One person drives (writes prompts, configures the system, runs evaluations). The other observes, questions, suggests alternatives. They swap every 30-45 minutes.
This is not pair programming. It is pair evaluation. The value is not in typing efficiency. It is in quality calibration. When two people evaluate AI outputs together, they develop shared standards faster than any written guideline can achieve.
We schedule 2-3 pair sessions per day during the synchronous window. Each session is 60-90 minutes, focused on a specific problem.
Weekly Quality Calibration
Every Friday, the team reviews a sample of the week's AI outputs together. Not to find problems (though we do). To calibrate quality standards.
We take 5-10 real outputs from the week's work, present them without commentary, and each person scores them independently. Then we discuss the scores. Where scores diverge, we discuss why. The goal is not agreement on every output. It is shared understanding of what "good enough" means.
This ritual prevents the slow drift of quality standards that happens when individuals evaluate AI outputs in isolation. Over months, without calibration, one person's "good enough" can diverge significantly from another's.
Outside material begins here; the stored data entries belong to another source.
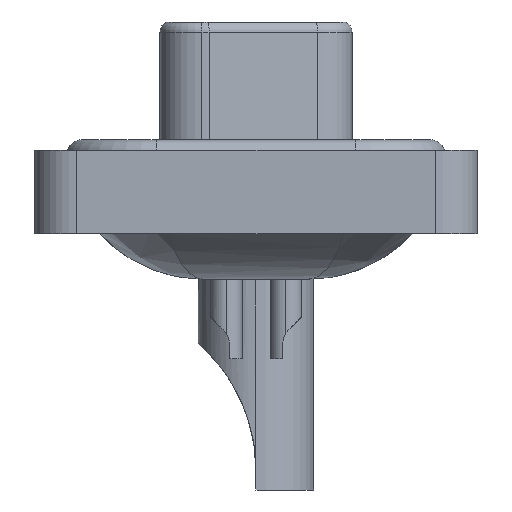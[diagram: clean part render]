
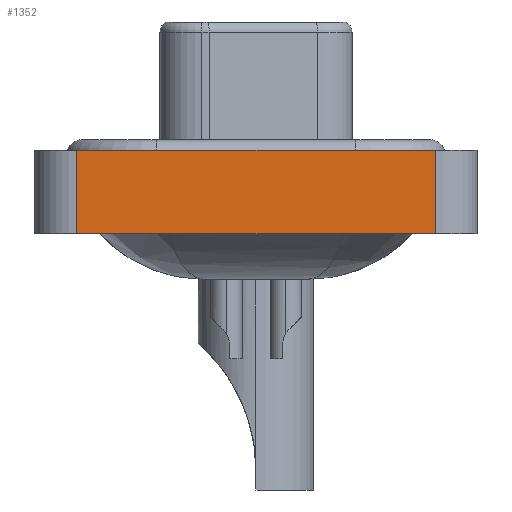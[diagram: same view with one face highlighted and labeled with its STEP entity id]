
A CAD part, left-side view. The second image highlights one B-rep face of the part: STEP entity #1352.
In plain terms, the highlighted planar face has unit normal (-1, 0, 0).
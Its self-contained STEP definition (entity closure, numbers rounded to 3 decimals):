
#342 = EDGE_CURVE ( 'NONE', #5968, #15179, #9056, .T. ) ;
#768 = CARTESIAN_POINT ( 'NONE',  ( -7.25, 8.55, -3.6 ) ) ;
#1352 = ADVANCED_FACE ( 'NONE', ( #16573 ), #15049, .T. ) ;
#1411 = DIRECTION ( 'NONE',  ( 0., 0., 1. ) ) ;
#2829 = CARTESIAN_POINT ( 'NONE',  ( -7.25, -8.55, 0.4 ) ) ;
#4183 = AXIS2_PLACEMENT_3D ( 'NONE', #13771, #5723, #1411 ) ;
#4521 = ORIENTED_EDGE ( 'NONE', *, *, #12852, .T. ) ;
#4525 = CARTESIAN_POINT ( 'NONE',  ( -7.25, -8.55, -3.6 ) ) ;
#4726 = CARTESIAN_POINT ( 'NONE',  ( -7.25, -8.55, -3.6 ) ) ;
#4941 = LINE ( 'NONE', #6204, #14666 ) ;
#5104 = EDGE_CURVE ( 'NONE', #15179, #15598, #4941, .T. ) ;
#5158 = VECTOR ( 'NONE', #12191, 1000. ) ;
#5548 = ORIENTED_EDGE ( 'NONE', *, *, #14373, .T. ) ;
#5723 = DIRECTION ( 'NONE',  ( -1., 0., 0. ) ) ;
#5968 = VERTEX_POINT ( 'NONE', #10314 ) ;
#6111 = DIRECTION ( 'NONE',  ( 0., -1., 0. ) ) ;
#6204 = CARTESIAN_POINT ( 'NONE',  ( -7.25, -8.55, 0.4 ) ) ;
#7210 = LINE ( 'NONE', #4525, #7229 ) ;
#7229 = VECTOR ( 'NONE', #11095, 1000. ) ;
#9056 = LINE ( 'NONE', #768, #17704 ) ;
#9354 = EDGE_LOOP ( 'NONE', ( #4521, #11966, #11551, #5548 ) ) ;
#10314 = CARTESIAN_POINT ( 'NONE',  ( -7.25, 8.55, -3.6 ) ) ;
#11095 = DIRECTION ( 'NONE',  ( 0., -1., 0. ) ) ;
#11208 = CARTESIAN_POINT ( 'NONE',  ( -7.25, 8.55, 0.4 ) ) ;
#11551 = ORIENTED_EDGE ( 'NONE', *, *, #342, .F. ) ;
#11762 = DIRECTION ( 'NONE',  ( 0., 0., 1. ) ) ;
#11966 = ORIENTED_EDGE ( 'NONE', *, *, #5104, .F. ) ;
#12191 = DIRECTION ( 'NONE',  ( 0., 0., 1. ) ) ;
#12280 = CARTESIAN_POINT ( 'NONE',  ( -7.25, -8.55, -3.6 ) ) ;
#12852 = EDGE_CURVE ( 'NONE', #15307, #15598, #14747, .T. ) ;
#13771 = CARTESIAN_POINT ( 'NONE',  ( -7.25, -8.55, -3.6 ) ) ;
#14373 = EDGE_CURVE ( 'NONE', #5968, #15307, #7210, .T. ) ;
#14666 = VECTOR ( 'NONE', #6111, 1000. ) ;
#14747 = LINE ( 'NONE', #12280, #5158 ) ;
#15049 = PLANE ( 'NONE',  #4183 ) ;
#15179 = VERTEX_POINT ( 'NONE', #11208 ) ;
#15307 = VERTEX_POINT ( 'NONE', #4726 ) ;
#15598 = VERTEX_POINT ( 'NONE', #2829 ) ;
#16573 = FACE_OUTER_BOUND ( 'NONE', #9354, .T. ) ;
#17704 = VECTOR ( 'NONE', #11762, 1000. ) ;

The calibration sessions are the single most valuable meeting on our calendar. The discussion about why you scored this output a 7 and I scored it a 4 is where shared standards actually form.
Mak Khan
Chief AI Officer
Asynchronous Decision Records
AI development involves many small decisions with large downstream consequences. Which model for this task. What confidence threshold for human review. How to handle this edge case. How to structure this data pipeline.
In a co-located team, these decisions happen in conversations and are absorbed by the team through proximity. In a remote team, they disappear.
We maintain a simple decision log: what was decided, why, what alternatives were considered, and who made the decision. Not every micro-decision. The ones that affect how the system behaves in production.
The log is not bureaucracy. It is context preservation. When someone three months from now asks "why does the system handle this edge case this way?" the answer exists in the log, not in someone's memory.
What Does Not Work
Full asynchronous AI development. We tried it. AI iteration cycles are too fast and too subjective for fully asynchronous work. The lag between "I tried this" and "here's feedback" kills momentum and degrades quality.
Large team video calls for AI evaluation. More than three people evaluating AI outputs in a video call is unproductive. Two to three is ideal. The evaluations are too subjective for large-group consensus to work.
Relying on documentation alone for quality standards. Written quality guidelines are useful as references. They do not replace the shared understanding that develops through real-time evaluation and discussion. Both are necessary.
The Tools
We keep our tooling simple:
- Screen sharing for pair sessions (any video tool works)
- Shared project board for task tracking and decision logging
- Version-controlled prompt libraries for prompt management
- Shared evaluation sheets for quality calibration data
- Chat channels organized by project and by topic (not by function)
The tooling is less important than the practices. Any reasonable set of collaboration tools works if the team follows the practices consistently.
Remote AI teams work. Ours has delivered production AI systems for enterprise clients across multiple industries, all from distributed locations. The key is not better tools or more meetings. It is deliberate practices that address the specific challenges of AI work: fast iteration cycles, subjective quality, and context-heavy development. Protect the synchronous window, write the context down, pair on evaluation, and calibrate weekly. Everything else is detail.